Zinc 锌, 白铅 or 倭铅

Zinc was the latest of the main metals that metallurgists extracted and recognised as a metal. It is silverfish-grey and brittle and not much 04 Ore Zn1use.

Zinc ores are relatively common and not infrequently found together with copper, iron, silver and lead ores. For this reason, metallurgists encountered zinc early on, but for a long time considered it another ore component that hindered the smelting of their targeted metals difficult. This is due to the low melting and boiling points of zinc, at 419.53 °C and 907 °C respectively. At the temperatures required for smelting most other metals and liquefying slags, zinc evaporated. It was known as a white substance that condensated in the upper part of furnace, in fact zinc oxide, and as the ore calamine, in fact zinc carbonate. Zinc oxide was mainly used for medical purposes, while calamine was smelted together with copper to produce brass.

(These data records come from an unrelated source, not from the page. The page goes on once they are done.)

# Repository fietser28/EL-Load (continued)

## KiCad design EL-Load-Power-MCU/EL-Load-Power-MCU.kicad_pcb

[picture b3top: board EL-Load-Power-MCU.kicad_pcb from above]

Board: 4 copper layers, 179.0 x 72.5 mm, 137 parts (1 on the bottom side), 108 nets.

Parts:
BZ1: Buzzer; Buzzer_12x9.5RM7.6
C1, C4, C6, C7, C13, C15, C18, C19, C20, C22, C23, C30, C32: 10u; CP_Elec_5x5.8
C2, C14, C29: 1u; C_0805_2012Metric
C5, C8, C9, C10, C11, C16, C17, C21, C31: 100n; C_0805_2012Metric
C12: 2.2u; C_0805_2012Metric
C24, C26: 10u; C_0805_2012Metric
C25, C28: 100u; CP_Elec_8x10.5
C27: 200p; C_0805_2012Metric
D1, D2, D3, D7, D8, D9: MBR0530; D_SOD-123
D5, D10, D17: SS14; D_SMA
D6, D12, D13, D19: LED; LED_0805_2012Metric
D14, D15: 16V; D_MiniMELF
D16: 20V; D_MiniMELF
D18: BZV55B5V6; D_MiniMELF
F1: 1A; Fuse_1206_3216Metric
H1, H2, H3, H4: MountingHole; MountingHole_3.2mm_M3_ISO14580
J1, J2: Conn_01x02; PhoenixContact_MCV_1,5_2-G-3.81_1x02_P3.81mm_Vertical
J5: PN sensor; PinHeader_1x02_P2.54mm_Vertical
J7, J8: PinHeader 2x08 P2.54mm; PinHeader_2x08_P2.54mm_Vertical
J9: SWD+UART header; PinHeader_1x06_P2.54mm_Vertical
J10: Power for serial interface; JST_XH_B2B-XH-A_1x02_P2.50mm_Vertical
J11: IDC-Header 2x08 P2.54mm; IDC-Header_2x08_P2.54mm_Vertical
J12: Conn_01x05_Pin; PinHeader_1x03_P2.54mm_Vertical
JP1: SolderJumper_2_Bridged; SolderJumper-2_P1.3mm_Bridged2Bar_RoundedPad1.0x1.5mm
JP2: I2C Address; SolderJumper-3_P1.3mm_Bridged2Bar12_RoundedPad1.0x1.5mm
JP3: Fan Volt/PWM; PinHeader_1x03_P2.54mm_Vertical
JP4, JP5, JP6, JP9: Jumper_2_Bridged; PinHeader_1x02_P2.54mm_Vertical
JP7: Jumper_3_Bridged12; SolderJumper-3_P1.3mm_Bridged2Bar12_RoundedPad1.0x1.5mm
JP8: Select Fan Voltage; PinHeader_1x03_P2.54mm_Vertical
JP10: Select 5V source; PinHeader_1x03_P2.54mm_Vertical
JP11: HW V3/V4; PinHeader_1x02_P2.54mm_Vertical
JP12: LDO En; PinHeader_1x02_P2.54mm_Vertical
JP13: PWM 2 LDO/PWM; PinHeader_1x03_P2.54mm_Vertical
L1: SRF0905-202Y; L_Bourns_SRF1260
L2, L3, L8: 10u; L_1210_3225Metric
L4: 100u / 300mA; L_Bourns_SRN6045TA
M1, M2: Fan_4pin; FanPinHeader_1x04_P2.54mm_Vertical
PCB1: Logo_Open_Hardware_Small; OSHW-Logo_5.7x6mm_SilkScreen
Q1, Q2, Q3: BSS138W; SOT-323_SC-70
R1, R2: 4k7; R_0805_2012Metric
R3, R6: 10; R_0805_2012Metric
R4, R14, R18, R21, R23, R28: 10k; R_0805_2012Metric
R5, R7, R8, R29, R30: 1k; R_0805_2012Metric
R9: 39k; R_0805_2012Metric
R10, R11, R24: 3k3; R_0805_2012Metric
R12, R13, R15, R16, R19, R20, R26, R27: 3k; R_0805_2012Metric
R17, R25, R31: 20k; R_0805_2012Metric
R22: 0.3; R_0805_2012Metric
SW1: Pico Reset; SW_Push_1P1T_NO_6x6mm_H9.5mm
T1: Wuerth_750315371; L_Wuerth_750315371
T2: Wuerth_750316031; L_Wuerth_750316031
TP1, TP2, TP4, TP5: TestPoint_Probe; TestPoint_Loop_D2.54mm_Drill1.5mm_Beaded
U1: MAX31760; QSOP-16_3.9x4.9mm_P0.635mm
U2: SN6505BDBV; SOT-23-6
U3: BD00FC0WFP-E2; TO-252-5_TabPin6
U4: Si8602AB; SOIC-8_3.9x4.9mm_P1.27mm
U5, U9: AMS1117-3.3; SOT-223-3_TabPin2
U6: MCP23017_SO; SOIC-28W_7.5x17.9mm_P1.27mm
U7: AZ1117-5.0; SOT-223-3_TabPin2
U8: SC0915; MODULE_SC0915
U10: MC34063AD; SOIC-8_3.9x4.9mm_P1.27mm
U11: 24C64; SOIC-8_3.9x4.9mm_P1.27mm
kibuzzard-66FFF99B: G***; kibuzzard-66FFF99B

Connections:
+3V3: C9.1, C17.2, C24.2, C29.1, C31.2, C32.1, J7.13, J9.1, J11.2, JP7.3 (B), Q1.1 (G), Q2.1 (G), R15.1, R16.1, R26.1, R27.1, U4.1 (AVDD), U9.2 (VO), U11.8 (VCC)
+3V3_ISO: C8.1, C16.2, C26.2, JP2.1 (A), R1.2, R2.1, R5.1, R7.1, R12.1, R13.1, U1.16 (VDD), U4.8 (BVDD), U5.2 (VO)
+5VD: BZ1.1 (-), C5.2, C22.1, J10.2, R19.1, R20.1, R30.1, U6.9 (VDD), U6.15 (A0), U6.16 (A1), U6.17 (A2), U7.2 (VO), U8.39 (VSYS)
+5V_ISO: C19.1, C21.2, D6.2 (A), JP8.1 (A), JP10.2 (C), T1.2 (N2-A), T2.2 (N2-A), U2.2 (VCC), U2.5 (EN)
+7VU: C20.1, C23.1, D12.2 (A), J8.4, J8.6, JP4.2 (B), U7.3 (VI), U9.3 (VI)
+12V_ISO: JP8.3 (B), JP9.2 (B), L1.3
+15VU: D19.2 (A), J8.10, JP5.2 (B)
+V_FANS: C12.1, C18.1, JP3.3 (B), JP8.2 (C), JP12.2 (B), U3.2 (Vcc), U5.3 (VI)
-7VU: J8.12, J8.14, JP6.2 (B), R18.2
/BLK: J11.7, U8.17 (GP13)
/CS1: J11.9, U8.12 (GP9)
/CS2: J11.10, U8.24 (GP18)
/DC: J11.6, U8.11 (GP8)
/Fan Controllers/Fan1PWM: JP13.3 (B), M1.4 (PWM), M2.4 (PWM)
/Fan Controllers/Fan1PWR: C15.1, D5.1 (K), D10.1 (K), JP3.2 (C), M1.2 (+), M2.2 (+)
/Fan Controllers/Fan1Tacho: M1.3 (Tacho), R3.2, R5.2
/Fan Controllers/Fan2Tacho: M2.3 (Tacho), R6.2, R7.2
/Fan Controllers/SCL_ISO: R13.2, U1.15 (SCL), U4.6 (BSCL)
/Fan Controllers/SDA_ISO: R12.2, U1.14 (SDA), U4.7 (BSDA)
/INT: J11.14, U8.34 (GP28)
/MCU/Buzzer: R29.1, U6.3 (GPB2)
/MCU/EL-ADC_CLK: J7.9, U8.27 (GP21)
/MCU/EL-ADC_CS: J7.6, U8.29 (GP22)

Zinc distillation in retorts was discovered in India and practiced on an industrial scale at the famous Zawar mines from the 13th century on. Zinc distillation requires the separation of ore and fuel and an environment which catches the vaporised zinc without allowing it to oxidasee in the process. This was done by using ceramic retorts with a closed lid. The retorts were placed upright and had a catching bowl in the lid that caught the zinc as it solidified again at the end of the process.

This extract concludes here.